## Data to process
---*---

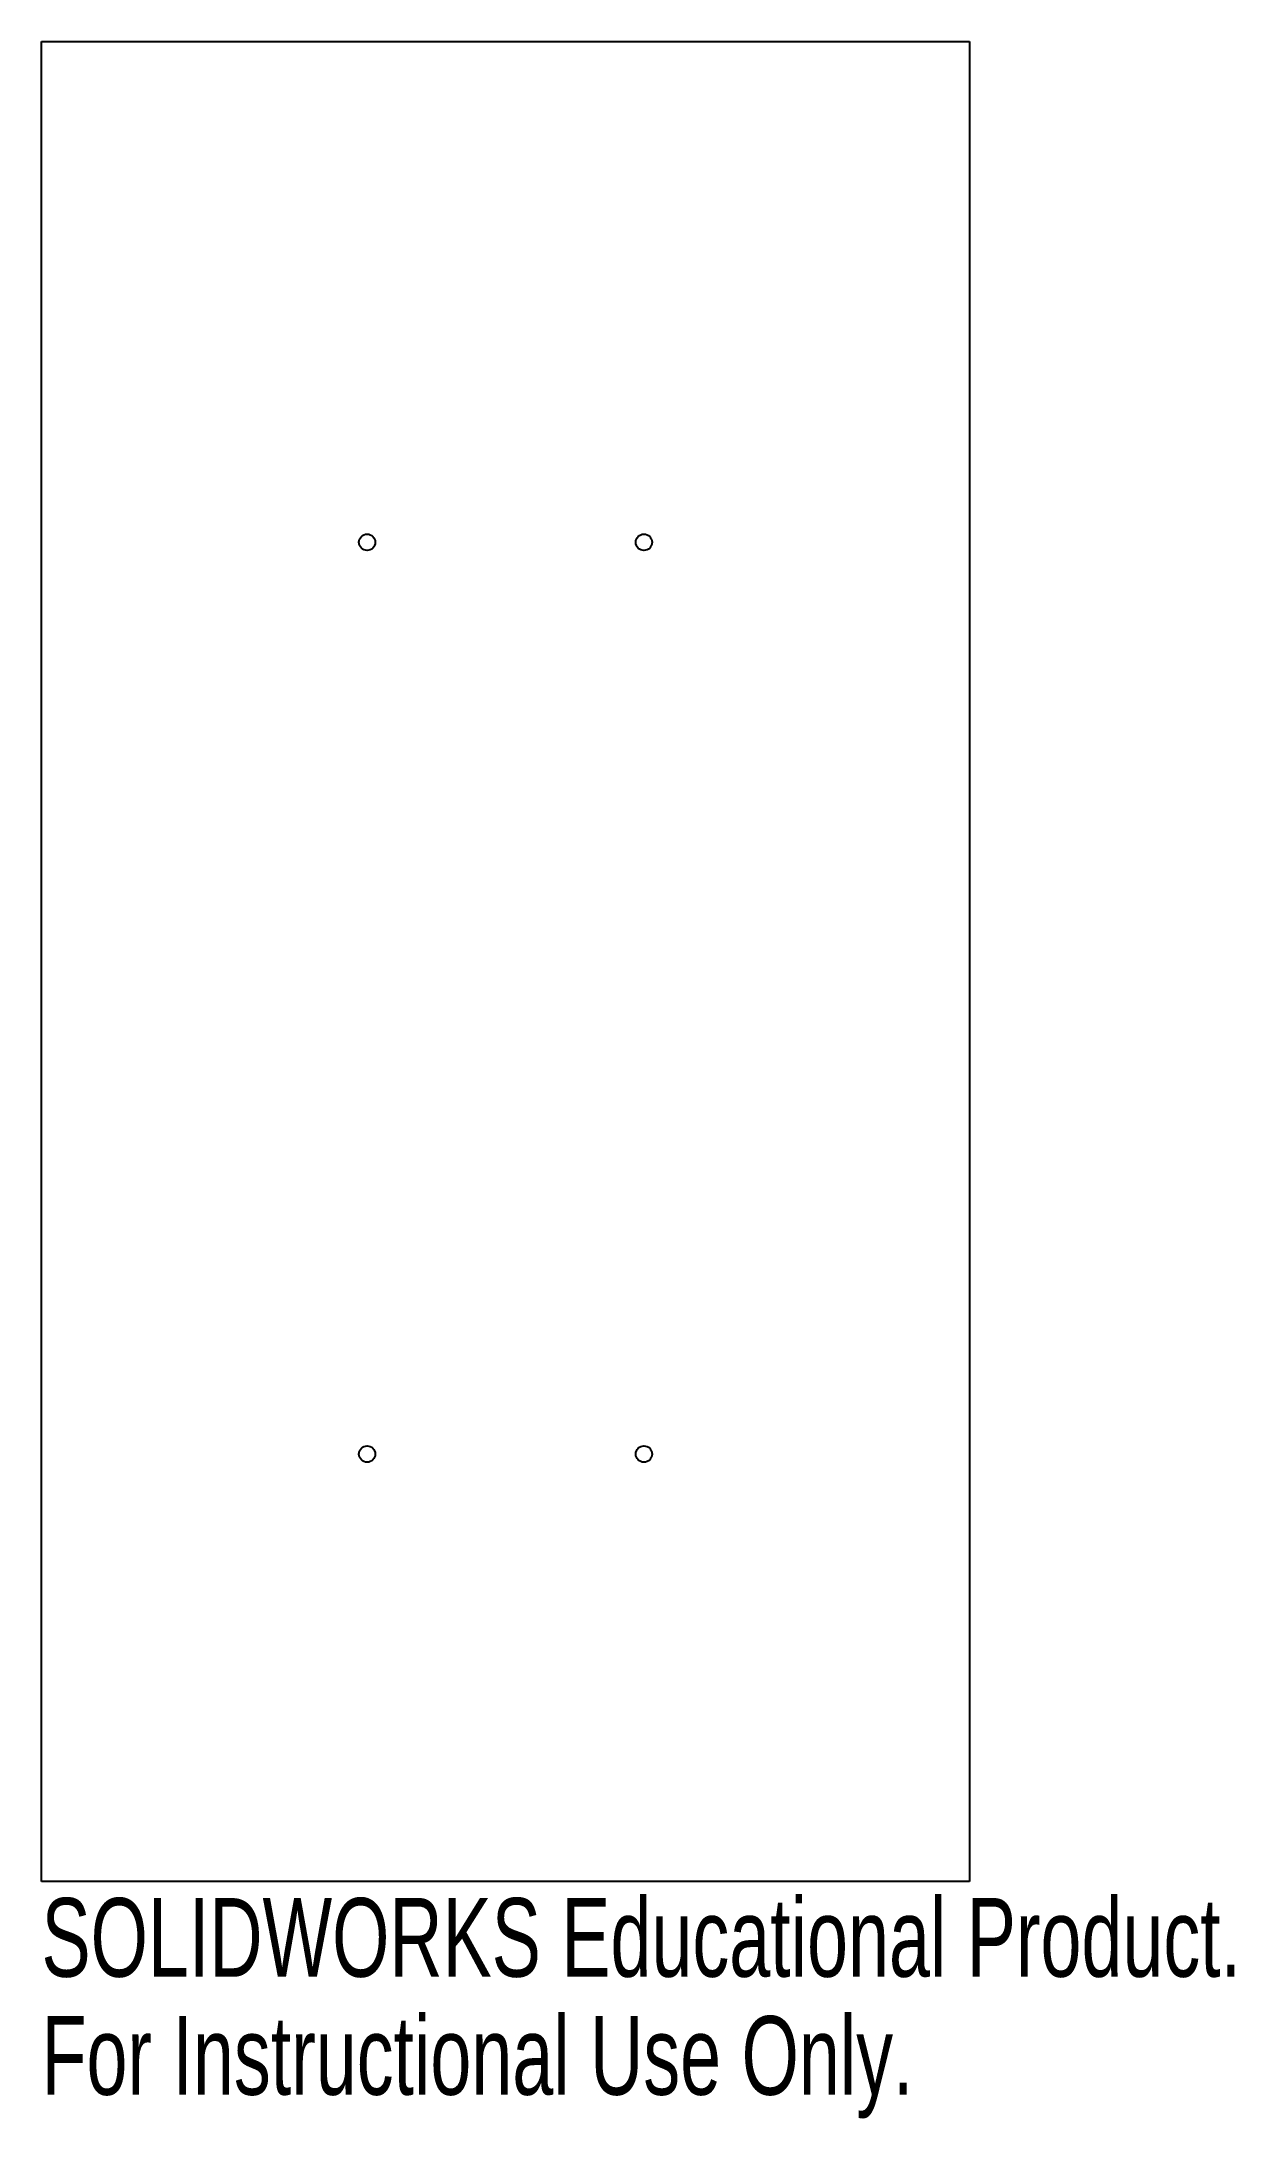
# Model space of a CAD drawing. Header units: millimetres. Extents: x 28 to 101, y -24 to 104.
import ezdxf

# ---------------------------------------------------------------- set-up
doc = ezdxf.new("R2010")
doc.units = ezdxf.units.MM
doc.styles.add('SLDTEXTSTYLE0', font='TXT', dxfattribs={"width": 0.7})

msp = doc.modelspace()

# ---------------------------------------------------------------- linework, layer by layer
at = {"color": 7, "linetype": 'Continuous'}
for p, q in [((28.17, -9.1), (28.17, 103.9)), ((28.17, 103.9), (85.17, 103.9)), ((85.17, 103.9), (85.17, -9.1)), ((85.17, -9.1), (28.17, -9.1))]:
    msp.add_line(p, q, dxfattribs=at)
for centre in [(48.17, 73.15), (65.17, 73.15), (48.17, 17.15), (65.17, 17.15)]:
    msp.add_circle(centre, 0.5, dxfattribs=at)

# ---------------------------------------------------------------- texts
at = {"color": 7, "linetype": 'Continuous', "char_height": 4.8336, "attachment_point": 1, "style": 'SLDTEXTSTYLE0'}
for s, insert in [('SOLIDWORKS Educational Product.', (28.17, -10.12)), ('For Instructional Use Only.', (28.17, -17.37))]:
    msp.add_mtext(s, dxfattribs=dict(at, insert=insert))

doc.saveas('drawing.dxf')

---*---

## What the task asks
Please copy exactly, and only, the lines running from the one containing "for p, q in" through the end of the listing.

## Written response
for p, q in [((28.17, -9.1), (28.17, 103.9)), ((28.17, 103.9), (85.17, 103.9)), ((85.17, 103.9), (85.17, -9.1)), ((85.17, -9.1), (28.17, -9.1))]:
    msp.add_line(p, q, dxfattribs=at)
for centre in [(48.17, 73.15), (65.17, 73.15), (48.17, 17.15), (65.17, 17.15)]:
    msp.add_circle(centre, 0.5, dxfattribs=at)

# ---------------------------------------------------------------- texts
at = {"color": 7, "linetype": 'Continuous', "char_height": 4.8336, "attachment_point": 1, "style": 'SLDTEXTSTYLE0'}
for s, insert in [('SOLIDWORKS Educational Product.', (28.17, -10.12)), ('For Instructional Use Only.', (28.17, -17.37))]:
    msp.add_mtext(s, dxfattribs=dict(at, insert=insert))

doc.saveas('drawing.dxf')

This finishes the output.